Transformer-Based ASL Fingerspelling to Text
Sign language users communicate through hand shapes and movements, but most digital systems cannot understand these gestures. This system automatically translates American Sign Language fingerspelling — where each hand shape represents a letter — into written English text. It first tracks the 3D positions of hands and upper body joints in video using MediaPipe, then feeds these landmark sequences into a Transformer encoder-decoder that recognizes individual letters and detects word boundaries. Validated at a character error rate of ≈ 0.36 (64% character accuracy), representing a meaningful step toward automated sign language accessibility.
Problem & users
Fingerspelling conveys names and terms without dedicated signs. Recognition is difficult due to fast transitions and co-articulation between letters. The goal is letter-accurate transcription with clear handling of similar handshapes and consistent preprocessing across signers and cameras.
Solution overview
The system replaces raw pixels with landmarks and frames the task as sequence-to-sequence prediction. MediaPipe provides 3D keypoints per frame. A Transformer captures temporal context and outputs letters A–Z plus an end token. The pipeline includes careful feature selection and normalization for stable learning.
Data & feature spec
Dataset
Google American Sign Language Fingerspelling dataset with precomputed MediaPipe landmarks. Examples are landmark sequences paired with target words.

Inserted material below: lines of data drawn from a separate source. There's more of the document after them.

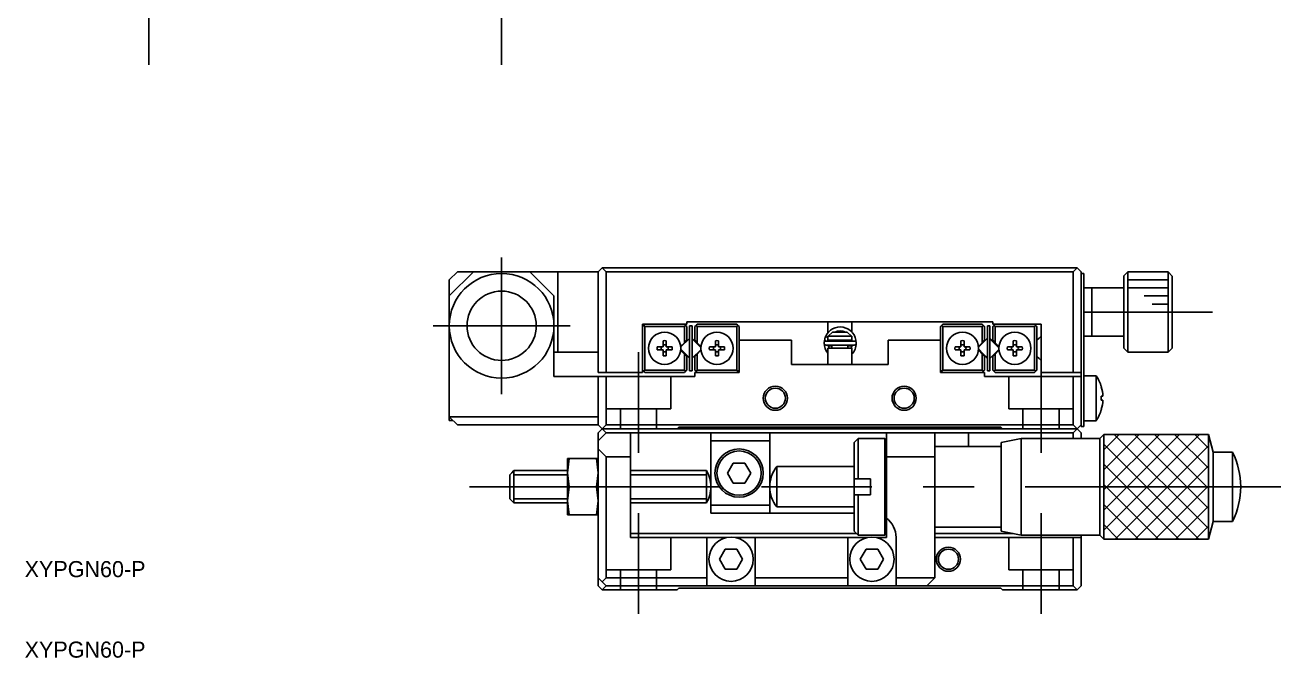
# Model space of a CAD drawing. Extents: x -7 to 351, y 10 to 246.
# Drawn here: x 10.1 to 166, y 10 to 88.6 of the extents above; entities that cross this region are included whole.
import ezdxf

# ---------------------------------------------------------------- set-up
doc = ezdxf.new("R2010")
doc.units = 0
doc.linetypes.add('CENTER', pattern=[50.8, 31.75, -6.35, 6.35, -6.35])
doc.linetypes.add('DASHED', pattern=[19.05, 12.7, -6.35])
doc.layers.get('0').update_dxf_attribs({"linetype": 'CONTINUOUS'})
doc.layers.add('CENTER', color=1, linetype='CENTER')
doc.styles.get("Standard").update_dxf_attribs({"font": 'FGP教科書体NT-M'})

msp = doc.modelspace()

# ---------------------------------------------------------------- linework, layer by layer
at = {"color": 7, "linetype": 'CONTINUOUS'}
for p, q in [((63.75, 57.93), (62.75, 56.93)), ((65.75, 57.93), (62.75, 54.93)), ((63.75, 57.93), (65.75, 57.93)), ((65.75, 57.93), (72.75, 57.93)), ((72.75, 57.93), (76.25, 57.93)), ((75.75, 54.93), (72.75, 57.93)), ((76.25, 57.93), (81.25, 57.93)), ((76.25, 57.93), (76.25, 47.93)), ((81.75, 58.43), (81.25, 57.93)), ((81.25, 45.43), (81.25, 57.93)), ((82.25, 57.93), (81.75, 58.43)), ((81.75, 58.43), (140.75, 58.43)), ((82.25, 57.93), (82.25, 45.43)), ((140.25, 57.93), (82.25, 57.93)), ((140.75, 58.43), (140.25, 57.93)), ((140.25, 45.43), (140.25, 57.93)), ((141.25, 57.93), (140.75, 58.43)), ((141.25, 57.93), (141.25, 45.43)), ((141.25, 57.73), (141.55, 57.73)), ((141.55, 57.73), (141.55, 55.73)), ((147.05, 57.93), (146.55, 57.43)), ((147.05, 57.93), (147.05, 47.93)), ((151.55, 57.93), (147.05, 57.93)), ((151.55, 57.93), (151.55, 57.91)), ((151.55, 57.91), (152.05, 57.91)), ((152.05, 47.94), (152.05, 57.91)), ((152.05, 57.91), (152.55, 57.41)), ((62.75, 54.93), (62.75, 56.93)), ((146.55, 48.43), (146.55, 57.43)), ((152.55, 57.41), (152.55, 48.44)), ((62.75, 54.93), (62.75, 51.23)), ((75.75, 54.93), (75.75, 51.23)), ((142.55, 55.93), (141.55, 55.93)), ((141.55, 40.73), (141.55, 55.73)), ((142.55, 55.93), (142.55, 49.93)), ((142.55, 49.93), (142.55, 55.93)), ((146.55, 55.93), (142.55, 55.93)), ((92.25, 51.73), (130.25, 51.73)), ((92.25, 51.43), (92.25, 51.73)), ((109.75, 51.73), (109.75, 50.33)), ((112.75, 50.46), (112.75, 51.73)), ((130.25, 51.73), (130.25, 51.43)), ((62.75, 51.23), (62.75, 39.93)), ((75.75, 51.23), (75.75, 44.93)), ((86.75, 51.43), (92.25, 51.43)), ((86.75, 45.43), (86.75, 51.43)), ((86.9, 51.28), (86.75, 51.13)), ((86.9, 51.28), (87.05, 51.43)), ((87.05, 51.13), (86.9, 51.28)), ((91.95, 51.13), (87.05, 51.13)), ((87.05, 51.13), (87.05, 45.73)), ((91.95, 51.43), (92.1, 51.28)), ((92.1, 51.28), (91.95, 51.13)), ((91.95, 49.13), (91.95, 51.13)), ((92.25, 51.13), (92.1, 51.28)), ((92.25, 51.13), (92.25, 49.43)), ((92.6, 45.63), (92.6, 51.23)), ((92.9, 51.23), (92.6, 51.23)), ((92.9, 45.63), (92.9, 51.23)), ((93.4, 51.28), (93.25, 51.13)), ((93.25, 49.43), (93.25, 51.13)), ((93.4, 51.28), (93.55, 51.43)), ((93.55, 51.13), (93.4, 51.28)), ((93.55, 51.43), (98.45, 51.43)), ((93.55, 51.13), (93.55, 49.13)), ((98.45, 51.13), (93.55, 51.13)), ((98.45, 51.43), (98.6, 51.28)), ((98.6, 51.28), (98.45, 51.13)), ((98.45, 45.73), (98.45, 51.13)), ((98.75, 51.13), (98.6, 51.28)), ((98.75, 51.13), (98.75, 49.43)), ((109.5, 49.95), (109.47, 49.87)), ((109.8, 49.93), (109.75, 49.93)), ((109.75, 49.93), (109.75, 49.43)), ((109.8, 49.93), (110.33, 50.43)), ((112.69, 49.93), (109.8, 49.93)), ((110.33, 50.43), (112.16, 50.43)), ((112.16, 50.43), (112.69, 49.93)), ((112.75, 49.93), (112.69, 49.93)), ((112.75, 49.43), (112.75, 49.93)), ((123.9, 51.28), (123.75, 51.13)), ((123.75, 49.43), (123.75, 51.13)), ((123.9, 51.28), (124.05, 51.43)), ((124.05, 51.13), (123.9, 51.28)), ((124.05, 51.43), (128.95, 51.43)), ((124.05, 51.13), (124.05, 45.73)), ((128.95, 51.13), (124.05, 51.13)), ((128.95, 51.43), (129.1, 51.28)), ((129.1, 51.28), (128.95, 51.13)), ((128.95, 49.13), (128.95, 51.13)), ((129.25, 51.13), (129.1, 51.28)), ((129.25, 51.13), (129.25, 49.43)), ((129.6, 45.63), (129.6, 51.23)), ((129.9, 51.23), (129.6, 51.23)), ((129.9, 45.63), (129.9, 51.23)), ((130.25, 51.43), (136.25, 51.43)), ((130.4, 51.28), (130.25, 51.13)), ((130.25, 49.43), (130.25, 51.13)), ((130.4, 51.28), (130.55, 51.43)), ((130.55, 51.13), (130.4, 51.28)), ((130.55, 51.13), (130.55, 49.13)), ((135.45, 51.13), (130.55, 51.13)), ((135.45, 51.43), (135.6, 51.28)), ((135.6, 51.28), (135.45, 51.13)), ((135.45, 45.73), (135.45, 51.13)), ((135.75, 51.13), (135.6, 51.28)), ((135.75, 51.13), (135.75, 45.73)), ((136.25, 49.93), (136, 49.68)), ((136.25, 51.43), (136.25, 45.43)), ((141.55, 49.93), (142.55, 49.93)), ((142.55, 49.93), (146.55, 49.93)), ((89.3, 48.63), (88.57, 48.63)), ((88.57, 48.63), (89.11, 48.63)), ((89.11, 48.63), (89.3, 48.63)), ((89.3, 49.36), (89.3, 48.63)), ((89.7, 48.63), (89.7, 49.36)), ((90.42, 48.63), (89.7, 48.63)), ((89.7, 48.63), (89.88, 48.63)), ((90.42, 48.63), (89.88, 48.63)), ((91.48, 48.66), (91.95, 49.13)), ((92.57, 49.66), (91.51, 48.6)), ((91.95, 49.13), (92.25, 49.43)), ((92.9, 49.62), (93.42, 49.1)), ((93.98, 48.6), (92.92, 49.66)), ((93.25, 49.43), (93.55, 49.13)), ((93.42, 49.1), (93.98, 48.53)), ((93.55, 49.13), (94.01, 48.66)), ((95.07, 48.63), (95.8, 48.63)), ((95.07, 48.63), (95.61, 48.63)), ((95.8, 48.63), (95.61, 48.63)), ((95.8, 48.63), (95.8, 49.36)), ((96.2, 49.36), (96.2, 48.63)), ((96.2, 48.63), (96.92, 48.63)), ((96.38, 48.63), (96.2, 48.63)), ((96.92, 48.63), (96.38, 48.63)), ((98.75, 49.43), (98.75, 45.43)), ((105.25, 49.43), (98.75, 49.43)), ((105.25, 46.43), (105.25, 49.43)), ((109.44, 49.81), (109.3, 49.11)), ((109.41, 49.62), (109.4, 49.58)), ((109.4, 49.58), (109.4, 49.54)), ((109.4, 49.54), (109.41, 49.51)), ((109.42, 49.73), (109.41, 49.69)), ((109.41, 49.69), (109.41, 49.65)), ((109.41, 49.65), (109.41, 49.62)), ((109.41, 49.51), (109.41, 49.47)), ((109.41, 49.47), (109.42, 49.43)), ((109.43, 49.76), (109.42, 49.73)), ((109.42, 49.43), (109.43, 49.4)), ((109.44, 49.8), (109.43, 49.76)), ((109.43, 49.4), (109.44, 49.36)), ((109.45, 49.83), (109.44, 49.8)), ((109.44, 49.36), (109.45, 49.33)), ((109.46, 49.87), (109.45, 49.83)), ((109.45, 49.33), (109.45, 49.31)), ((109.47, 49.87), (109.46, 49.87)), ((109.47, 49.88), (109.75, 49.79)), ((109.48, 49.87), (109.47, 49.87)), ((109.47, 49.87), (109.47, 49.87)), ((109.49, 49.87), (109.48, 49.87)), ((109.48, 49.87), (109.48, 49.87)), ((109.5, 49.87), (109.49, 49.87)), ((109.51, 49.87), (109.5, 49.87)), ((109.53, 49.86), (109.51, 49.87)), ((109.54, 49.86), (109.53, 49.86)), ((109.56, 49.85), (109.54, 49.86)), ((113.05, 49.33), (109.55, 49.33)), ((109.55, 48.83), (113.05, 48.83)), ((109.57, 49.85), (109.56, 49.85)), ((109.59, 49.84), (109.57, 49.85)), ((109.61, 49.84), (109.59, 49.84)), ((109.63, 49.83), (109.61, 49.84)), ((109.65, 49.82), (109.63, 49.83)), ((109.67, 49.81), (109.65, 49.82)), ((109.69, 49.81), (109.67, 49.81)), ((109.71, 49.8), (109.69, 49.81)), ((109.73, 49.79), (109.71, 49.8)), ((109.75, 49.78), (109.73, 49.79)), ((109.75, 49.43), (112.75, 49.43)), ((112.75, 48.43), (109.75, 48.43)), ((109.75, 48.43), (109.75, 46.43)), ((109.95, 48.43), (109.82, 48.83)), ((110.25, 48.73), (109.84, 48.73)), ((110.15, 49.33), (109.95, 49.43)), ((110.25, 49.43), (110.25, 49.33)), ((110.25, 49.43), (110.25, 49.33)), ((110.25, 48.83), (110.25, 48.73)), ((110.25, 48.83), (110.25, 48.43)), ((112.25, 49.33), (112.25, 49.43)), ((112.25, 49.33), (112.25, 49.43)), ((112.25, 48.73), (112.25, 48.83)), ((112.25, 48.43), (112.25, 48.83)), ((112.75, 48.73), (112.25, 48.73)), ((112.65, 49.43), (112.45, 49.33)), ((112.78, 48.83), (112.65, 48.43)), ((112.75, 49.49), (112.78, 49.33)), ((112.75, 48.67), (112.75, 48.73)), ((112.75, 46.43), (112.75, 48.43)), ((113.16, 49.81), (113.14, 49.87)), ((117.25, 49.43), (117.25, 46.43)), ((123.75, 49.43), (117.25, 49.43)), ((123.75, 45.43), (123.75, 49.43)), ((126.3, 48.63), (125.57, 48.63)), ((125.57, 48.63), (126.11, 48.63)), ((126.11, 48.63), (126.3, 48.63)), ((126.3, 49.36), (126.3, 48.63)), ((126.7, 48.63), (126.7, 49.36)), ((127.42, 48.63), (126.7, 48.63)), ((126.7, 48.63), (126.88, 48.63)), ((127.42, 48.63), (126.88, 48.63)), ((128.48, 48.66), (128.95, 49.13)), ((129.57, 49.66), (128.51, 48.6)), ((128.95, 49.13), (129.25, 49.43)), ((129.9, 49.62), (130.98, 48.53)), ((130.98, 48.6), (129.92, 49.66)), ((130.25, 49.43), (130.55, 49.13)), ((130.55, 49.13), (131.01, 48.66)), ((132.07, 48.63), (132.8, 48.63)), ((132.07, 48.63), (132.61, 48.63)), ((132.8, 48.63), (132.61, 48.63)), ((132.8, 48.63), (132.8, 49.36)), ((133.2, 49.36), (133.2, 48.63)), ((133.2, 48.63), (133.92, 48.63)), ((133.38, 48.63), (133.2, 48.63)), ((133.92, 48.63), (133.38, 48.63)), ((136, 49.68), (135.75, 49.43)), ((146.55, 48.43), (147.05, 47.93)), ((152.55, 48.44), (152.05, 47.94)), ((76.25, 47.93), (75.75, 47.93)), ((81.25, 47.93), (76.25, 47.93)), ((88.57, 48.23), (89.3, 48.23)), ((89.3, 48.23), (89.3, 47.5)), ((89.7, 48.23), (90.42, 48.23)), ((89.7, 47.5), (89.7, 48.23)), ((91.95, 47.72), (91.48, 48.19)), ((92.6, 47.23), (91.51, 48.32)), ((91.51, 48.25), (92.57, 47.19)), ((91.95, 45.73), (91.95, 47.72)), ((92.25, 47.42), (91.95, 47.72)), ((92.25, 47.42), (92.25, 45.73)), ((92.92, 47.19), (93.98, 48.25)), ((93.55, 47.72), (93.25, 47.42)), ((93.25, 45.73), (93.25, 47.42)), ((94.01, 48.19), (93.55, 47.72)), ((93.55, 47.72), (93.55, 45.73)), ((95.8, 48.23), (95.07, 48.23)), ((95.8, 47.5), (95.8, 48.23)), ((96.2, 48.23), (96.2, 47.5)), ((96.92, 48.23), (96.2, 48.23)), ((125.57, 48.23), (126.3, 48.23)), ((126.3, 48.23), (126.3, 47.5)), ((126.7, 48.23), (127.42, 48.23)), ((126.7, 47.5), (126.7, 48.23)), ((128.95, 47.72), (128.48, 48.19)), ((129.07, 47.75), (128.51, 48.32)), ((128.51, 48.25), (129.57, 47.19)), ((128.95, 45.73), (128.95, 47.72)), ((129.25, 47.42), (128.95, 47.72)), ((129.6, 47.23), (129.07, 47.75)), ((129.25, 47.42), (129.25, 45.73)), ((129.92, 47.19), (130.98, 48.25)), ((130.55, 47.72), (130.25, 47.42)), ((130.25, 45.73), (130.25, 47.42)), ((131.01, 48.19), (130.55, 47.72)), ((130.55, 47.72), (130.55, 45.73)), ((132.8, 48.23), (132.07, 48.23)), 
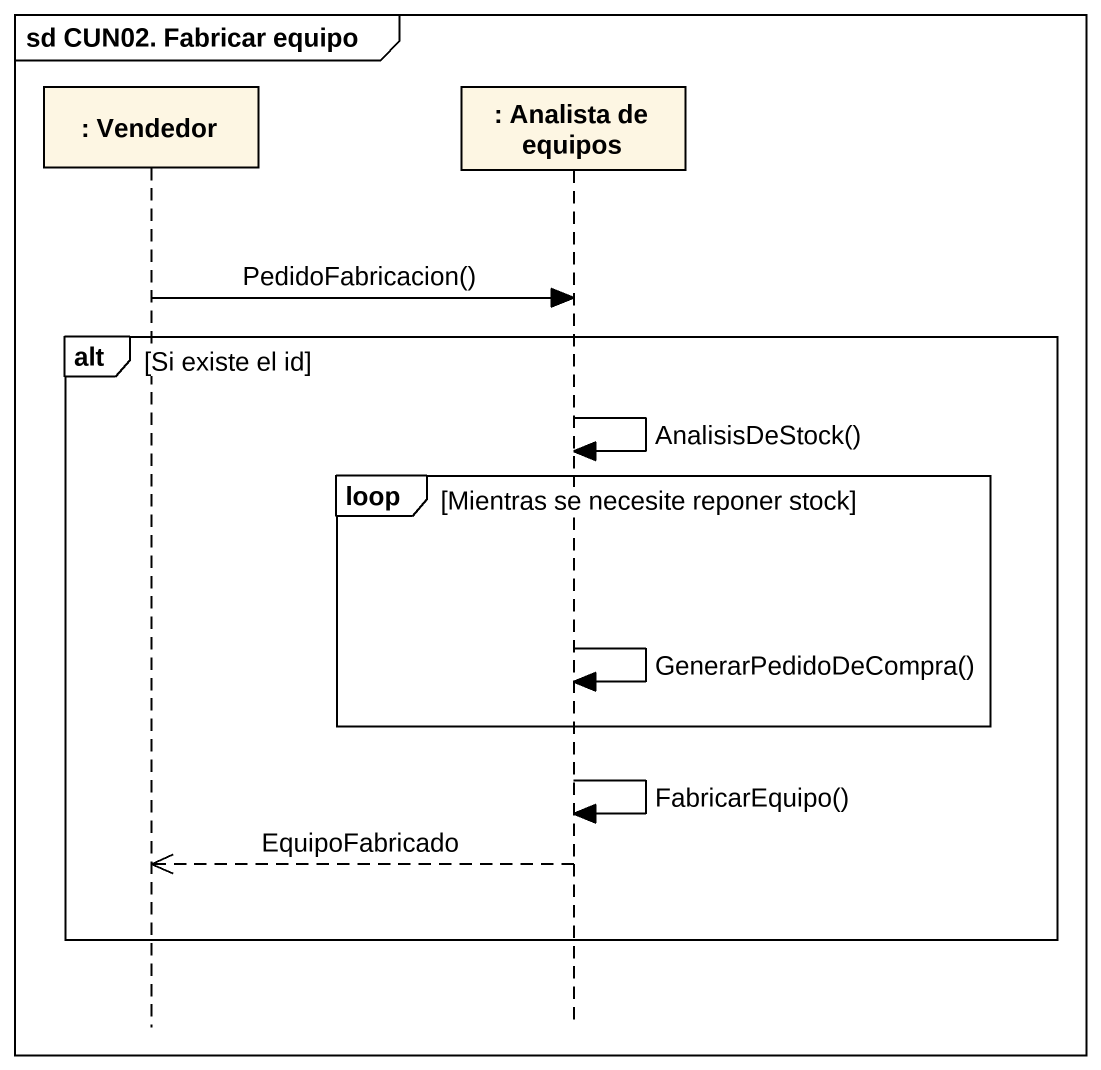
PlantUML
@startuml
mainframe sd CUN02. Fabricar equipo
hide footbox
participant ": Vendedor" as Vendedor
participant ": Analista de equipos" as Analista_de_equipos

Vendedor -> Analista_de_equipos : PedidoFabricacion()
alt Si existe el id
  Analista_de_equipos -> Analista_de_equipos : AnalisisDeStock()
  loop Mientras se necesite reponer stock
    Analista_de_equipos -> Analista_de_equipos : GenerarPedidoDeCompra()
  end
  Analista_de_equipos -> Analista_de_equipos : FabricarEquipo()
  Analista_de_equipos -->> Vendedor : EquipoFabricado
end
@enduml

Feature selection (F = 144 per frame)
- Pose joints: six upper body joints (11, 12, 13, 14, 15, 16)
- Left hand: 21 landmarks (0–20)
- Right hand: 21 landmarks (0–20)
- Ordering per frame: pose → left hand → right hand. Each landmark: x, y, z → 48 triplets × 3 = 144 values
Normalization & serialization
- Center: mid-shoulders if pose present, else mid-wrists.
- Scale: shoulder distance if pose present, else wrist distance.
- Sanitize: fill short gaps by linear then forward/backward fill. Replace NaN and Inf with zeros. Clamp to safe numeric range. Cast to float32.
- Storage: fast binary arrays with sequence masks so attention ignores padding.
Model architecture
Encoder & decoder
The encoder ingests the landmark sequence and builds contextual representations with multi-head self-attention and position-wise feed-forward layers. The decoder generates characters step-by-step using masked self-attention and cross-attention over encoder outputs.
Practical size
~4–6 layers on both encoder and decoder, ~8 heads, model width ≈ 256–512. Dropout after attention and feed-forward; residual connections and layer normalization follow standard Transformer design.
| Component | Choice | Notes |
|---|---|---|
| Input | F = 144 per frame | Pose 11–16, both hands 0–20 |
| Encoder | Self-attention | Sinusoidal positional signals |
| Decoder | Masked self-attn + cross-attn | Greedy decode |
| Width | ≈ 256–512 | Dropout, residual, layer norm |
| Output | Letters A–Z + EOS | Softmax over characters |
Training setup
- Loss: sequence cross-entropy with teacher forcing.
- Optimization: Adam with warmup then decay.
- Batching: bucket by length, pad, and mask attention on padded positions.
- Validation: track CER and select checkpoint with lowest validation CER.
Metric
Character Error Rate (CER) measures character-level edits relative to reference length. Primary metric and basis for model selection.
Results
| Metric | Value | Notes |
|---|---|---|
| CER on validation | ≈ 0.36 | From the project repository |
Limits & next steps
- Scope is fingerspelling letters only, not the full sign lexicon.
- Very fast signing can cause dropped or merged letters.
- Lighting, occlusion, or partial hands can degrade landmarks.
Next steps: light personalization with a few user examples, optional beam search for long words, mobile deployment with quantization.
FAQ
Why landmarks instead of pixels?
Landmarks expose the essential signal — hand motion. They reduce input size and speed up training while improving robustness across camera setups.
Why a Transformer for letters?
It models temporal context so the system can disambiguate similar handshapes by using motion before and after each frame.
How is the final checkpoint chosen?
By the lowest validation character error rate on a held-out split.